- [PROBLEM DESCRIPTION]
Below are the records; copy every line in them that holds the string "point".

- [PROVIDED INFORMATION]
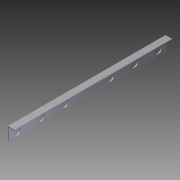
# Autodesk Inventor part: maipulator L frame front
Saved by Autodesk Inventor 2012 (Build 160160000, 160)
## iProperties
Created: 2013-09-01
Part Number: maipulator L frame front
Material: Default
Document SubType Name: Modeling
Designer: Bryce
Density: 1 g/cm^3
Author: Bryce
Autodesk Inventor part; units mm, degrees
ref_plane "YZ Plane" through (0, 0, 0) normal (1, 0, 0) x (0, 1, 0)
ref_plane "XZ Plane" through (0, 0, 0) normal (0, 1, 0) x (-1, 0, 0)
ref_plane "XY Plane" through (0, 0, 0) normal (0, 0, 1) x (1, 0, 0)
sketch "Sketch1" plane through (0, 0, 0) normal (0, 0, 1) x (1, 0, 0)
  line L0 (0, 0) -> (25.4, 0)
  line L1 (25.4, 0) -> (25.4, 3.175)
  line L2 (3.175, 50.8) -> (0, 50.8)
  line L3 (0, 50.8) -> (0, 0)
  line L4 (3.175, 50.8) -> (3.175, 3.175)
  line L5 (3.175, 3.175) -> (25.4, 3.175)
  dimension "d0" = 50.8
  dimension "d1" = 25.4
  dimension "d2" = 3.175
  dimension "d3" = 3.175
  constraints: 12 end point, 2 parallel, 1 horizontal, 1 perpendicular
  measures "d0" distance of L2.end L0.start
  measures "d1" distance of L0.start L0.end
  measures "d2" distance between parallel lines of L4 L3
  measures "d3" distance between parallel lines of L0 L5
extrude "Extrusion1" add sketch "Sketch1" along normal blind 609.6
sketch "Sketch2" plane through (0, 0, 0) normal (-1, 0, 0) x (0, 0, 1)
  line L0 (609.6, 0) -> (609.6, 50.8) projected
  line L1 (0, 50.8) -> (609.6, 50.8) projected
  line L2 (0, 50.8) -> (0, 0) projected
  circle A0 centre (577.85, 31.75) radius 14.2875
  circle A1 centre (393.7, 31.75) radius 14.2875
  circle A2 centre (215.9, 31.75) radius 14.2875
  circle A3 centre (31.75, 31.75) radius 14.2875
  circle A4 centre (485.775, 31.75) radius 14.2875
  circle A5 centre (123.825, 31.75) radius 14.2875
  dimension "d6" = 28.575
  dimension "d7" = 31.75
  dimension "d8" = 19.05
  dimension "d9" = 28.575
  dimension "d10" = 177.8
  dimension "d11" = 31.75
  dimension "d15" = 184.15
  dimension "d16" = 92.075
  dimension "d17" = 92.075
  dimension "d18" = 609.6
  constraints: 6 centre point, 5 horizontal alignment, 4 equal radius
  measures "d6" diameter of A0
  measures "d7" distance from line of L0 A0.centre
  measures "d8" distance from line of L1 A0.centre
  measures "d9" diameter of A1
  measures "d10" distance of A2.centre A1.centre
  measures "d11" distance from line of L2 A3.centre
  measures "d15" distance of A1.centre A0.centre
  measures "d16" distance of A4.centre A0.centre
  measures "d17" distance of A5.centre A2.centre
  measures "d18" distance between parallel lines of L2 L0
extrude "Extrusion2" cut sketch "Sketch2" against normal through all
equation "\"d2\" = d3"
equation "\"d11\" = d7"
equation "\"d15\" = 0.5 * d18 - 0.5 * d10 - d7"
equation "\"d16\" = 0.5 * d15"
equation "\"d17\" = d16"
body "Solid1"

- [THE COMPLETED TASK]
  constraints: 12 end point, 2 parallel, 1 horizontal, 1 perpendicular
  constraints: 6 centre point, 5 horizontal alignment, 4 equal radius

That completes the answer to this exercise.